→ Work required:
The answer should be one number, the count of lines in the data with "internet".

→ Given information:
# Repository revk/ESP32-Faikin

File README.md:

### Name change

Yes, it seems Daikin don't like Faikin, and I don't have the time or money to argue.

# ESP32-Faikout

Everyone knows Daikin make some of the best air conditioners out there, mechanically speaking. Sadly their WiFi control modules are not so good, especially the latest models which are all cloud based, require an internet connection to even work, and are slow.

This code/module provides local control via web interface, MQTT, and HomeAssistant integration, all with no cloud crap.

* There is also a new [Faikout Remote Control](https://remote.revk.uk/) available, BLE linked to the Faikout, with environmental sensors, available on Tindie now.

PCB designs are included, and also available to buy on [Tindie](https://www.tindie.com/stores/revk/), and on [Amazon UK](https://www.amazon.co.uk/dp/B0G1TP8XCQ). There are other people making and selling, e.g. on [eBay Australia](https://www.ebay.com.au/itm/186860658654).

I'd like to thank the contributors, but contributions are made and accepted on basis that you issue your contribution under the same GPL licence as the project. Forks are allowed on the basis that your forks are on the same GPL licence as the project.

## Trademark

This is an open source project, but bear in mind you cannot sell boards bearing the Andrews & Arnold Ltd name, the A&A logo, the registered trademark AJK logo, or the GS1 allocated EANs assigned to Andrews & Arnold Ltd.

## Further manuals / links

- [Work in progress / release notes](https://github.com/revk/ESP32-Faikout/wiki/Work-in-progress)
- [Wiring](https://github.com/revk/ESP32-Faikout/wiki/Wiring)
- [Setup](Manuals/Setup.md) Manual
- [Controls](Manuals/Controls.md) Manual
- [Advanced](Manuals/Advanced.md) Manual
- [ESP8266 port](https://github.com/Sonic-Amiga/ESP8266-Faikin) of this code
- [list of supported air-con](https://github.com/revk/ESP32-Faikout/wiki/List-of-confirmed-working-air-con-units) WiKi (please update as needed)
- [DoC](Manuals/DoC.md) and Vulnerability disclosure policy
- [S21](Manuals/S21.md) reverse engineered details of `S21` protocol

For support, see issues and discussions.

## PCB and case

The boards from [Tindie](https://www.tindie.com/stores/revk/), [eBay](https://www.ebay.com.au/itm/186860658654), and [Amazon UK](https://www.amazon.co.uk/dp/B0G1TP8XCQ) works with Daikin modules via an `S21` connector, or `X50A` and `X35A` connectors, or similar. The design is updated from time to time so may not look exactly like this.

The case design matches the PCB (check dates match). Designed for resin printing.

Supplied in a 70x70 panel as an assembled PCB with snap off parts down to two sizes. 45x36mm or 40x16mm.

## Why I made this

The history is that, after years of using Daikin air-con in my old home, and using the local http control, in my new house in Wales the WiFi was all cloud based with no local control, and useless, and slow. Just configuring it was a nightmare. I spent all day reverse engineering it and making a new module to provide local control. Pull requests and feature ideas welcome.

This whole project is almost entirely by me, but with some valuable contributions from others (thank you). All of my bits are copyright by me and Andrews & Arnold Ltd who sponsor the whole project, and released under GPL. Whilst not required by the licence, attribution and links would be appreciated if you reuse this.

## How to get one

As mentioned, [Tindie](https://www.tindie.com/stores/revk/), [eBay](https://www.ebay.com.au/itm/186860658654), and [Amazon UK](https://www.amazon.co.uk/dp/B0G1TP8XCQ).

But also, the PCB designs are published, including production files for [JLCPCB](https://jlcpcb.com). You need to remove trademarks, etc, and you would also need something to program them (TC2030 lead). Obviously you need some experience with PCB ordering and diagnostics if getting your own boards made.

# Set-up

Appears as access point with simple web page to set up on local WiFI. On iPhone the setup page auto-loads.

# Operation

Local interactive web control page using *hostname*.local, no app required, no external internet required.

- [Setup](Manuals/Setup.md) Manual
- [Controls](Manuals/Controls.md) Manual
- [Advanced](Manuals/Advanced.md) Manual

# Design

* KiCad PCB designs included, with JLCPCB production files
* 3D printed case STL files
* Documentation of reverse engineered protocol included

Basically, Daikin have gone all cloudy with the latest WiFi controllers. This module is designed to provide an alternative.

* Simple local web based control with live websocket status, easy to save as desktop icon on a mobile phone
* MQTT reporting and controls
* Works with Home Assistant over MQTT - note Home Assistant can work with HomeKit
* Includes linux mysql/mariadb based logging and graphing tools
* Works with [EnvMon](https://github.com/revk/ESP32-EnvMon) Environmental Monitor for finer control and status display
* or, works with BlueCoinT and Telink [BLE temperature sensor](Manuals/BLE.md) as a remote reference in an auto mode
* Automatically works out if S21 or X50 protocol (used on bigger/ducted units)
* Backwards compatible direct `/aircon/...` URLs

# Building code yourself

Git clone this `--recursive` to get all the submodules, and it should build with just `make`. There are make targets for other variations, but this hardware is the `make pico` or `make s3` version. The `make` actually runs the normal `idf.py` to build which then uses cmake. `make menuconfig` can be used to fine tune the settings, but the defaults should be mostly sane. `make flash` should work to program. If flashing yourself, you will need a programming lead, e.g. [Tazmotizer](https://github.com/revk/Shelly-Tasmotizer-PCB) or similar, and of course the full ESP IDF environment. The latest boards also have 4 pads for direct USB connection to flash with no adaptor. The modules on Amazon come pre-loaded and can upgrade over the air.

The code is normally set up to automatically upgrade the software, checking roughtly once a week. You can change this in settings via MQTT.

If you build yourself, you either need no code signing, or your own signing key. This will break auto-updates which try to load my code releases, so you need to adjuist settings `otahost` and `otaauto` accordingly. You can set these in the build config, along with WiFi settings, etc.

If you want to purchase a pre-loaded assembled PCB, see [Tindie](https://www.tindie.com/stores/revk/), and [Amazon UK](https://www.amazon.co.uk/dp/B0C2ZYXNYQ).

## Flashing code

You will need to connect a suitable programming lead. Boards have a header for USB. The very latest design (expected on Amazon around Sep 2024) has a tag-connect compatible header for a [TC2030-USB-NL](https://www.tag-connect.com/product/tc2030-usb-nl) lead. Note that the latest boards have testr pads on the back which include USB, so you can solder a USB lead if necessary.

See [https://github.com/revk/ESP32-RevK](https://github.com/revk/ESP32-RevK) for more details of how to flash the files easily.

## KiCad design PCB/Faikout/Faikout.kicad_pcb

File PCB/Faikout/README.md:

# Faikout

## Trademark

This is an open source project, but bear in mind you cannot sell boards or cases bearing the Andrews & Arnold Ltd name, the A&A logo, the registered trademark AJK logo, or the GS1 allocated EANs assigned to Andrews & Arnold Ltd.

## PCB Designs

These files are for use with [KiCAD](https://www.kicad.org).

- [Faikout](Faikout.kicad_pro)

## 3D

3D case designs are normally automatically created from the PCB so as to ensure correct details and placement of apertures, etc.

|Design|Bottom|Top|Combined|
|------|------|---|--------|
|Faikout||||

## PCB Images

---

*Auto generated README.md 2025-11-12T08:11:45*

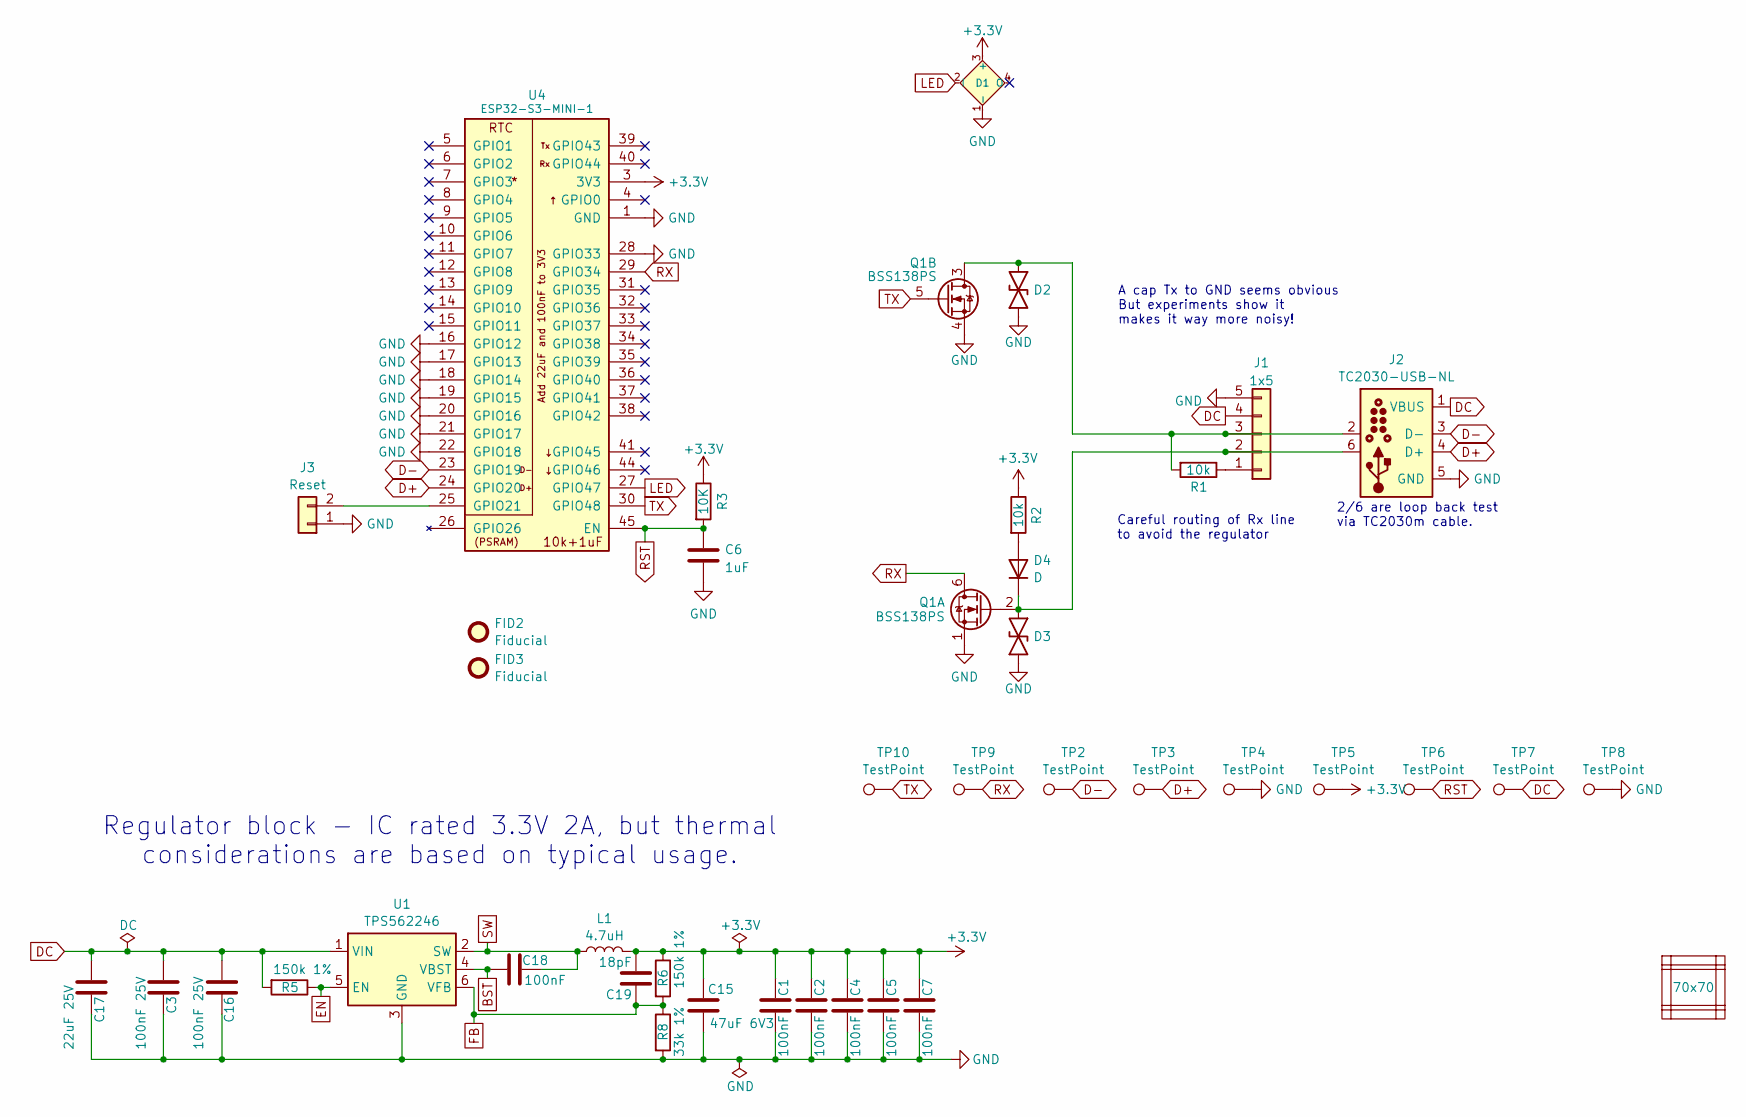
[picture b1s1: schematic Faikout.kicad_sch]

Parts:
C1, C2, C4, C5, C7, C18: 100nF; C_0201; MPN C76934
C3, C16: 100nF 25V; C_0402; MPN C56392
C6: 1uF; C_0201
C15: 47uF 6V3; C_0805; MPN C16780
C17: 22uF 25V; C_0805; MPN C45783
C19: 18pF; C_0201; MPN C62164
D1: XL-1615RGBC-2812B; SMD1615; MPN C5349954
D2, D3: DFN1006-2L; MPN C5137770
D4: D; D_0402; MPN C28642302
FID2, FID3: Fiducial; Fiducial_1mm_Mask2mm
J1: 1x5; JST_EH_S5B-EH_1x05_P2.50mm_Horizontal; MPN C265103
J2: TC2030-USB-NL; Tag-Connect_TC2030-IDC-NL_2x03_P1.27mm_Vertical
J3: Reset; AA-Pad
L1: 4.7uH; L_5x5; MPN C307876
PCB1: 70x70; PCB7070
Q1: BSS138PS; SOT-363_SC-70-6; MPN C193381
R1, R2: 10k; R_0201; MPN C106225
R3: 10K; R_0201; MPN C106225
R5, R6: 150k 1%; R_0201; MPN C310173
R8: 33k 1%; R_0201; MPN C320835
TP2, TP3, TP4, TP5, TP6, TP7, TP8, TP9, TP10: TestPoint; PAD-2mm
U1: TPS562246; SOT-563; MPN C41833479
U4: ESP32-S3-MINI-1; MPN C3013941
V1, V2, V3, V4, V5, V6: VCUT70N

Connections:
+3.3V: C1.2, C2.2, C4.2, C5.2, C7.2, C15.1, C19.2, D1.3 (+), L1.2, R2.1, R3.1, R6.1, TP5.1, U4.3 (3V3)
BST: C18.1, U1.4 (VBST)
D+: J2.4 (D+), TP3.1, U4.24 (GPIO20)
D-: J2.3 (D-), TP2.1, U4.23 (GPIO19)
DC: C3.1, C16.1, C17.1, J1.4, J2.1 (VBUS), R5.2, TP7.1, U1.1 (VIN)
EN: R5.1, U1.5 (EN)
FB: C19.1, R6.2, R8.1, U1.6 (VFB)
GND: C1.1, C2.1, C3.2, C4.1, C5.1, C6.2, C7.1, C15.2, C16.2, C17.2, D1.1 (-), D2.1, D3.1, J1.5, J2.5 (GND), J3.1, Q1.1 (SN), Q1.4 (DP), R8.2, TP4.1, TP8.1, U1.3 (GND), U4.1 (GND), U4.2 (GND), U4.16 (GPIO12), U4.17 (GPIO13), U4.18 (GPIO14), U4.19 (GPIO15), U4.20 (GPIO16), U4.21 (GPIO17), U4.22 (GPIO18), U4.28 (GPIO33), U4.42 (GND), U4.43 (GND), U4.46 (GND), U4.47 (GND), U4.48 (GND), U4.49 (GND), U4.50 (GND), U4.51 (GND), U4.52 (GND), U4.53 (GND), U4.54 (GND), U4.55 (GND), U4.56 (GND), U4.57 (GND), U4.58 (GND), U4.59 (GND), U4.60 (GND), U4.61 (GND), U4.62 (GND), U4.63 (GND), U4.64 (GND), U4.65 (GND)
LED: D1.2 (I), U4.27 (GPIO47)
unnamed: D4.2 (A), R2.2
unnamed: D3.2, D4.1 (K), J1.2, J2.6, Q1.2 (GN)
unnamed: J1.1, R1.1
unnamed: D2.2, J1.3, J2.2, Q1.3 (SP), R1.2
unnamed: J3.2, U4.25 (GPIO21)
RST: C6.1, R3.2, TP6.1, U4.45 (EN)
RX: Q1.6 (DN), TP9.1, U4.29 (GPIO34)
SW: C18.2, L1.1, U1.2 (SW)
TX: Q1.5 (GP), TP10.1, U4.30 (GPIO48)

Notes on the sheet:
Careful routing of Rx line to avoid the regulator
2/6 are loop back test via TC2030m cable.
A cap Tx to GND seems obvious But experiments show it makes it way more noisy!
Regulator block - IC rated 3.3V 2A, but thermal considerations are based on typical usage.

→ Result of this exercise:
2